# Completing the $3.00 table



## harrysin (Jan 15, 2007)

Members may remember that I recently showed a table top router table that I paid the princely sum of $3.00 for at the re-cycling shop. My next task was to find a suitable second hand router, the criteria being:
1........1/2" collet
2........variable speed
3........at least 1 1/2HP
4........no taller than 10.5" extended
5........CHEAP

After a lot of searching, I found a Ryobi ERT241200 in a pawn shop. It worked fine but had been used to rout plaster, which was all over it so the first thing that I did was strip it right down and gave it a thorough clean at which point I removed the single spring. An above table height adjustment seemed the sensible way to go so here is a small photo shoot as it happened.


----------



## Knothead47 (Feb 10, 2010)

*$3.00 table*

Harry, you are a genius! :yes2: I like that set-up. I'm going to the local pawn shops next week. Maybe I'll get lucky!:dance3:


----------



## bobj3 (Jan 17, 2006)

Nice job Harry

How do plan on changing the bits out ?, the power cable looks like it will stop the router from going down any more than it is.
But nice job on the shop made lift. 

======



harrysin said:


> Members may remember that I recently showed a table top router table that I paid the princely sum of $3.00 for at the re-cycling shop. My next task was to find a suitable second hand router, the criteria being:
> 1........1/2" collet
> 2........variable speed
> 3........at least 1 1/2HP
> ...


----------



## istracpsboss (Sep 14, 2008)

Brilliant stuff Harry ! Very inspirational.

cheers

Peter


----------



## Kallen (Feb 17, 2010)

Not to be TOO nosey, but mind mentioning the price for the router? Just curious. I too have gotten second hand tools. I recently bought a circular saw from a thrift store for $8. Needed a new blade but otherwise I've used it a TON.


----------



## DerekO (Jan 20, 2010)

Where is the emoticon to show I am jealous of the finds? 

Looked nice to me.


----------



## jw2170 (Jan 24, 2008)

harrysin said:


> Members may remember that I recently showed a table top router table that I paid the princely sum of $3.00 for at the re-cycling shop. My next task was to find a suitable second hand router,
> .........After a lot of searching, I found a Ryobi ERT241200 in a pawn shop. .



Harry,

That was my second router after the Ozito 8mm router.

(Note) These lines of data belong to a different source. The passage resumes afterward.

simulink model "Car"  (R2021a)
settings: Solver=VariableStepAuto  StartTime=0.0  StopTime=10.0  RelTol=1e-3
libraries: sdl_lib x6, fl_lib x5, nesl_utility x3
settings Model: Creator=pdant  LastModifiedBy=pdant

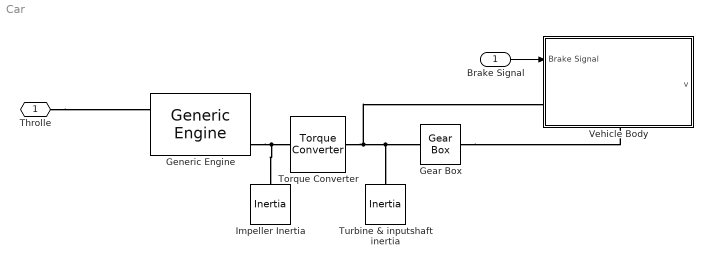
== system Car ==
  Brake Signal : Inport
  Gear Box : fl_lib/Mechanical/Mechanisms/Gear Box  ratio=5  t_in_specify=off  t_in_priority=None  t_in=0 N*m  t_in_nominal_specify=off  t_in_nominal_unit=N*m  t_in_nominal_value=1  t_out_specify=off  t_out_priority=None  t_out=0 N*m  t_out_nominal_specify=off  t_out_nominal_unit=N*m  t_out_nominal_value=1
  Generic Engine : sdl_lib/Engines & Motors/Generic Engine  model_parameterization=1  engine_type=1  P_max=150 kW  w_P_max=4500 rpm  w_max=8000 rpm  w_min=500 rpm  w_tab=[500, 1000, 2000, 3000, 4000, 5000, 6000, 7000] rpm  trq_tab=[380, 380, 380, 380, 350, 280, 200, 80] N*m  pwr_tab=[20, 40, 78, 120, 145, 148, 125, 60] kW  interp_method=simscape.enum.interpolation.linear  model_inertia=0  inertia=1 kg*m^2  initial_velocity=800 rpm  model_time_constant=0  time_constant=0.2 s  T0=0  w_thr=100 rpm  idle_speed=0  idle_speed_reference=1000 rpm  tau_controller=1 s  idle_w_thr=1 rpm  redline=0  redline_speed=5000 rpm  tau_redline=1 s  redline_w_thr=1 rpm  fc_model=0  fc_per_rev=25 mg/rev  displaced_volume=400 cm^3  rev_per_cycle=2  fc_w_tab=[1000, 2000, 3000, 4000, 5000, 6000] rpm  fc_trq_tab=[0, 80, 160, 200, 240, 320, 360, 400] N*m  fc_tab=[.5, .9, 1.4, 1.6, 1.9, 2.7, 3.4, 4.4; 1, 1.7, 2.7, 3.1, 3.6, 5, 6, 7.4; 1.4, 2.7, 4, 4.8, 5.6, 7.5, 8.5, 10.5; 2, 3.6, 5.8, 6.7, 8, 10.4, 11.7, 13.3; 2.5, 4.8, 7.9, 9.4, 10.8, 14, 16.2, 18.6; 3.1, 6, 10.3, 11.9, 13.8, 18.4, 22, 26.5] g/s  bmep_tab=[0, 250, 500, 625, 750, 1000, 1150, 1250] kPa  bsfc_tab=[410, 380, 300, 280, 270, 290, 320, 380; 410, 370, 290, 270, 260, 270, 285, 320; 415, 380, 290, 275, 265, 270, 270, 300; 420, 390, 310, 290, 285, 280, 280, 285; 430, 410, 340, 320, 310, 300, 310, 320; 450, 430, 370, 340, 330, 330, 350, 380] g/hr/kW  fc_interp_method=simscape.enum.interpolation.linear
      settings: SourceProductBaseCode=LD  InternalSimscapePortConfiguration="{\"Bottom\":[],\"Left\":[{\"id\":\"T\",\"label\":\"T\",\"type\":\"input\"},{\"id\":\"B\",\"label\":\"B\",\"type\":\"foundation.mechanical.rotational.rotational\"}],\"Right\":[{\"id\":\"P\",\"label\":\"P\",\"type\":\"output\"},{\"id\":\"FC\",\"label\":\"FC\",\"type\":\"output\"},{\"id\":\"F\",\"label\":\"F\",\"type\":\"foundation.mechanical.rotational.rotational\"}],\"Top\":[]}"
  Impeller Inertia : fl_lib/Mechanical/Rotational Elements/Inertia  inertia=0.01 kg*m^2  num_ports=foundation.enum.numPorts2.one  w_specify=off  w_priority=High  w=0 rad/s  w_nominal_specify=off  w_nominal_unit=rad/s  w_nominal_value=1  t_specify=off  t_priority=None  t=0 N*m  t_nominal_specify=off  t_nominal_unit=N*m  t_nominal_value=1
  Torque Converter : sdl_lib/Couplings & Drives/Torque Converter  coast_mode_modeling=sdl.enum.torqueConverterContinuousTwomode.twomode  SR_drive_tlu=[0, .5, .6, .7, .8, .87, .92, .94, .96, .97, 1]  TR_drive_tlu=[2.232, 1.5462, 1.4058, 1.2746, 1.1528, 1.0732, 1.0192, 1, 1, 1, 1]  CF_drive_tlu=1e-4 * [.72558, .66322, .63463, .59042, .51331, .4144, .29287, .22444, .12186, .04386, 0] m*N/rpm^2  SR_coast_tlu=[0, .5, .6, .7, .8, .87, .92, .94, .96, .97, 1]  CF_coast_tlu=1e-4 * [.5079, .4643, .4442, .4133, .3593, .2901, .205, .1571, .0853, .0307, 0] m*N/rpm^2  interp_method_twomode=simscape.enum.interpolation.linear  extrap_method_twomode=simscape.enum.extrapolation.linear  iniMode=sdl.enum.torqueConverterInitialMode.drive  delta_w=1 rpm  n_vector=[0, .5, .6, .7, .8, .87, .92, .94, .96, .97]  trq_vector=[2.232, 1.5462, 1.4058, 1.2746, 1.1528, 1.0732, 1.0192, .9983, .9983, .9983]  cf_vector_parameterization=sdl.enum.torqueConverterCFParameterization.SpeedToSqrtTorque  cf_vector_reference_speed=sdl.enum.torqueConverterCFReferenceSpeed.ImpellerSpeedAlways  cf_vector=[12.2938, 12.8588, 13.1452, 13.6285, 14.6163, 16.2675, 19.3503, 22.1046, 29.9986, 50] (rad/s)/(N*m)^0.5  cf_vector_sq=1e-3 * [6.616, 6.048, 5.787, 5.384, 4.681, 3.779, 2.671, 2.047, 1.111, .4] N*m/(rad/s)^2  interp_method_continuous=simscape.enum.interpolation.linear  extrap_method_continuous=simscape.enum.extrapolation.linear  model_lag=sdl.enum.torqueConverterLagOnOff.LagOff  tau=.02 s  initial_trq_ratio=0
      settings: SourceProductBaseCode=LD  InternalSimscapePortConfiguration="{\"Bottom\":[],\"Left\":[{\"id\":\"I\",\"label\":\"I\",\"type\":\"foundation.mechanical.rotational.rotational\"}],\"Right\":[{\"id\":\"T\",\"label\":\"T\",\"type\":\"foundation.mechanical.rotational.rotational\"}],\"Top\":[]}"
  Turbine & inputshaft inertia : fl_lib/Mechanical/Rotational Elements/Inertia  inertia=0.01 kg*m^2  num_ports=foundation.enum.numPorts2.one  w_specify=off  w_priority=High  w=0 rad/s  w_nominal_specify=off  w_nominal_unit=rad/s  w_nominal_value=1  t_specify=off  t_priority=None  t=0 N*m  t_nominal_specify=off  t_nominal_unit=N*m  t_nominal_value=1
  Vehicle Body : Subsystem
      settings: PortSchema="{\"entries\":[{\"content\":{\"sides\":[{\"content\":{\"connectorIds\":[\"In1\",\"LConn1\"]},\"type\":\"ConnectorPlacement.EquallySpacedRectSide\",\"uuid\":\"6403e31f-539e-4980-b9de-501066135396\"},{\"content\":{\"connectorIds\":[\"Out1\"],\"side\":\"RIGHT\"},\"type\":\"ConnectorPlacement.EquallySpacedRectSide\",\"uuid\":\"be935725-b53f-4529-96e3-3fd36410f394\"},{\"content\":{\"connectorIds\":[],\"side\":\"TOP\"},\"type\":\"ConnectorPlacement.EquallySpacedRectSide\",\"uuid\":\"39e0fc54-dd64-4cd9-96a2-10b656a79f52\"},{\"content\":{\"connectorIds\":[\"RConn1\"],\"side\":\"BOTTOM\"},\"type\":\"ConnectorPlacement.EquallySpacedRectSide\",\"uuid\":\"baa52323-f519-4b51-9bfa-229d4291b5ed\"}]},\"type\":\"ConnectorPlacement.EquallySpacedConnector\",\"uuid\":\"4dc9ab14-3c14-4c84-99b0-f606f907be91\"}],\"packageUris\":[\"http://schema.mathworks.com/mf0/Connector/R2020b\"],\"version\":\"1.0\"}"
  Throlle : PMIOPort  Side=Left
  wires:
  Brake Signal/1 -> Vehicle Body/1(Brake Signal)
  connections:
  Generic Engine/RConn3 -- Impeller Inertia/LConn1 -- Torque Converter/LConn1
  Torque Converter/RConn1 -- Vehicle Body/LConn1 -- Gear Box/LConn1 -- Turbine & inputshaft inertia/LConn1
  Throlle/RConn1 -- Generic Engine/LConn1
  Gear Box/RConn1 -- Vehicle Body/RConn1

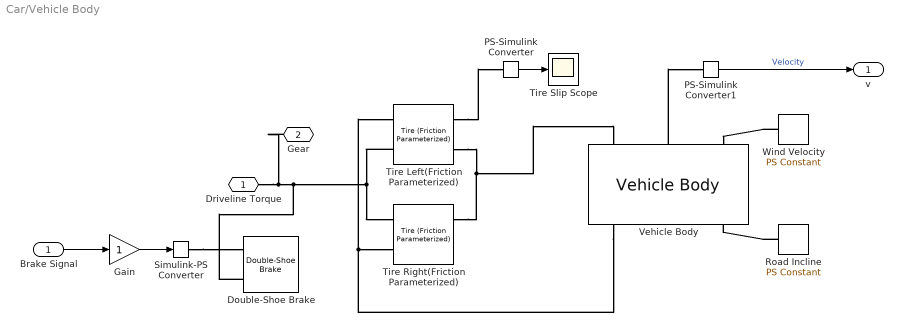
== system Car/Vehicle Body ==
  Brake Signal : Inport
  Double-Shoe Brake : sdl_lib/Brakes & Detents/Rotational/Double-Shoe Brake  r_drum=150 mm  r_act=100 mm  r_pin=125 mm  theta_pin=15 deg  theta_0=5 deg  theta_shoe=120 deg  mu_visc=.01 N*m/(rad/s)  thermal_port=simscape.enum.thermaleffects.omit  mu=0.3  temperature_TLU=[280, 300, 320] K  mu_TLU=[.1, .05, .03]  thermal_mass=50 kJ/K  w_thr=0.01 rad/s  enable_faults=simscape.enum.onoff.off  faulted_force=0 N  external_fault=simscape.enum.onoff.off  temporal_fault=simscape.enum.onoff.off  fault_time=5 s  report_fault=simscape.enum.assert.action.none  temperature_specify=off  temperature_priority=High  temperature=300 K  temperature_nominal_specify=off  temperature_nominal_unit=K  temperature_nominal_value=1
      settings: SourceProductBaseCode=LD  InternalSimscapePortConfiguration="{\"Bottom\":[],\"Left\":[{\"id\":\"F\",\"label\":\"F\",\"type\":\"input\"},{\"id\":\"S\",\"label\":\"S\",\"type\":\"foundation.mechanical.rotational.rotational\"}],\"Right\":[],\"Top\":[]}"
  Gain : Gain
  PS-Simulink Converter : nesl_utility/PS-Simulink Converter  PhysicalDomain=network_engine_domain  SubClassName=ps_output  LeftPortType=input  RightPortType=output  PseudoPeriodic=off  Frequencies=[]  Unit=inherit  AffineConversion=off
      settings: SourceProductBaseCode=PW,SS
  PS-Simulink Converter1 : nesl_utility/PS-Simulink Converter  PhysicalDomain=network_engine_domain  SubClassName=ps_output  LeftPortType=input  RightPortType=output  PseudoPeriodic=off  Frequencies=[]  Unit=inherit  AffineConversion=off
      settings: SourceProductBaseCode=PW,SS
  Road Incline : fl_lib/Physical Signals/Sources/PS Constant  constant=1
  Simulink-PS Converter : nesl_utility/Simulink-PS Converter  PhysicalDomain=network_engine_domain  SubClassName=ps_input  LeftPortType=input  RightPortType=output  PseudoPeriodic=off  Frequencies=[]  NoiseDistribution=none  NoiseParameters=[]  Unit=1  AffineConversion=off  FilteringAndDerivatives=provide  SimscapeFilterOrder=1  InputFilterTimeConstant=0.001  UdotUserProvided=0
      settings: SourceProductBaseCode=PW,SS
  Tire Left(Friction Parameterized) : sdl_lib/Tires & Vehicles/Tire (Friction Parameterized)  r_tire=0.3 m  friction_model=sdl.enum.friction_model_var.fixed  mu_static=0.90  mu_kinetic=0.70  slip_vector=[0, .02, .06, .15, .6, 1] rad/s  mu_kinetic_vector=[.89, .88, .8, .75, .7, .7]  interp_method=simscape.enum.interpolation.linear  extrap_method=simscape.enum.extrapolation.linear  model_compliance=0  stiffness=1e6 N/m  damping=1000 N/(m/s)  model_inertia=0  tire_inertia=1 kg*m^2  initial_velocity=0 rad/s  model_resistance=0  resistance_model=1  coeff=0.015  p_tire=250e3 Pa  alpha=-0.003  beta=0.97  coeff_a=84e-4  coeff_b=6.2e-4 s/m  coeff_c=1.6e-4 s^2/m^2  v_thr=0.001 m/s  v_tol=0.01 m/s  F_min=10 N  initial_traction_state=0
      settings: SourceProductBaseCode=LD  InternalSimscapePortConfiguration="{\"Bottom\":[],\"Left\":[{\"id\":\"N\",\"label\":\"N\",\"type\":\"input\"},{\"id\":\"A\",\"label\":\"A\",\"type\":\"foundation.mechanical.rotational.rotational\"}],\"Right\":[{\"id\":\"S\",\"label\":\"S\",\"type\":\"output\"},{\"id\":\"H\",\"label\":\"H\",\"type\":\"foundation.mechanical.translational.translational\"}],\"Top\":[]}"
  Tire Right(Friction Parameterized) : sdl_lib/Tires & Vehicles/Tire (Friction Parameterized)  r_tire=0.3 m  friction_model=sdl.enum.friction_model_var.fixed  mu_static=0.90  mu_kinetic=0.70  slip_vector=[0, .02, .06, .15, .6, 1] rad/s  mu_kinetic_vector=[.89, .88, .8, .75, .7, .7]  interp_method=simscape.enum.interpolation.linear  extrap_method=simscape.enum.extrapolation.linear  model_compliance=0  stiffness=1e6 N/m  damping=1000 N/(m/s)  model_inertia=0  tire_inertia=1 kg*m^2  initial_velocity=0 rad/s  model_resistance=0  resistance_model=1  coeff=0.015  p_tire=250e3 Pa  alpha=-0.003  beta=0.97  coeff_a=84e-4  coeff_b=6.2e-4 s/m  coeff_c=1.6e-4 s^2/m^2  v_thr=0.001 m/s  v_tol=0.01 m/s  F_min=10 N  initial_traction_state=0
      settings: SourceProductBaseCode=LD  InternalSimscapePortConfiguration="{\"Bottom\":[],\"Left\":[{\"id\":\"N\",\"label\":\"N\",\"type\":\"input\"},{\"id\":\"A\",\"label\":\"A\",\"type\":\"foundation.mechanical.rotational.rotational\"}],\"Right\":[{\"id\":\"S\",\"label\":\"S\",\"type\":\"output\"},{\"id\":\"H\",\"label\":\"H\",\"type\":\"foundation.mechanical.translational.translational\"}],\"Top\":[]}"
  Tire Slip Scope : Scope
  Vehicle Body : sdl_lib/Tires & Vehicles/Vehicle Body  mass=1200 kg  n_w=2  x_f=1.4 m  x_r=1.6 m  y_c=0.5 m  mass_var=simscape.enum.onoff.off  model_pitch=simscape.enum.onoff.off  inertia=4000 kg*m^2  suspension_model=sdl.enum.linearTLU.linear  k_f=1e4 N/m  b_f=1e4 N/(m/s)  k_r=1e4 N/m  b_r=1e4 N/(m/s)  k_f_TLU=[-2000, -1000, 0, 1000, 2000] N  x_f_TLU=[-.4, -.2, 0, .2, .4] m  b_f_TLU=[-200, -100, 0, 100, 200] N  v_f_TLU=[-4, -2, 0, 2, 4] m/s  k_r_TLU=[-2000, -1000, 0, 1000, 2000] N  x_r_TLU=[-.4, -.2, 0, .2, .4] m  b_r_TLU=[-200, -100, 0, 100, 200] N  v_r_TLU=[-4, -2, 0, 2, 4] m/s  interp_method=simscape.enum.interpolation.linear  extrap_method=simscape.enum.extrapolation.linear  model_hardstop=simscape.enum.onoff.off  upper_bound_f=.25 m  lower_bound_f=-.25 m  stop_k_f=1e6 N/m  stop_b_f=150 N/(m/s)  upper_bound_r=.25 m  lower_bound_r=-.25 m  stop_k_r=1e6 N/m  stop_b_r=150 N/(m/s)  initial_pitch=0 rad  initial_pitch_rate=0 rad/s  g=9.81 m/s^2  liftoff_warning=simscape.enum.onoff.off  area=3 m^2  Cd=0.4  rho=1.18 kg/m^3  v_specify=off  v_priority=High  v=0 m/s  v_nominal_specify=off  v_nominal_unit=m/s  v_nominal_value=1
  Wind Velocity : fl_lib/Physical Signals/Sources/PS Constant  constant=1
  Driveline Torque : PMIOPort  Side=Left
  Gear : PMIOPort  Port=2  Side=Right
  v : Outport
  wires:
  PS-Simulink Converter/1 -> Tire Slip Scope/1
  PS-Simulink Converter1/1 -> v/1  "Velocity"
  Gain/1 -> Simulink-PS Converter/1
  Brake Signal/1 -> Gain/1
  connections:
  Vehicle Body/RConn1 -- Tire Right(Friction Parameterized)/LConn1 -- Tire Left(Friction Parameterized)/LConn1
  Tire Left(Friction Parameterized)/RConn2 -- Tire Right(Friction Parameterized)/RConn2 -- Vehicle Body/LConn1
  Tire Left(Friction Parameterized)/LConn2 -- Gear/RConn1 -- Driveline Torque/RConn1 -- Double-Shoe Brake/LConn2 -- Tire Right(Friction Parameterized)/LConn2
  Tire Left(Friction Parameterized)/RConn1 -- PS-Simulink Converter/LConn1
  Vehicle Body/LConn2 -- PS-Simulink Converter1/LConn1
  Simulink-PS Converter/RConn1 -- Double-Shoe Brake/LConn1
  Road Incline/RConn1 -- Vehicle Body/RConn3
  Wind Velocity/RConn1 -- Vehicle Body/LConn3

I believe you will have a good time with that.

James


----------



## harrysin (Jan 15, 2007)

bobj3 said:


> Nice job Harry
> 
> How do plan on changing the bits out ?, the power cable looks like it will stop the router from going down any more than it is.
> But nice job on the shop made lift.
> ...


Bob, your powers of observation make me envious! As you well know, a picture etc. etc.


----------



## Dr.Zook (Sep 10, 2004)

Harry you have done a great job of recycling. But in the second pic (centering jig) does that end mill make spiral cuts???? HeHe! Nice work Harry.


----------



## harrysin (Jan 15, 2007)

John, Peter, thank you for such kind remarks. Most people who know me reckon I should play the violin because I've been a fiddler all my life! It does though make life interesting.


----------



## harrysin (Jan 15, 2007)

Kallen said:


> Not to be TOO nosey, but mind mentioning the price for the router? Just curious. I too have gotten second hand tools. I recently bought a circular saw from a thrift store for $8. Needed a new blade but otherwise I've used it a TON.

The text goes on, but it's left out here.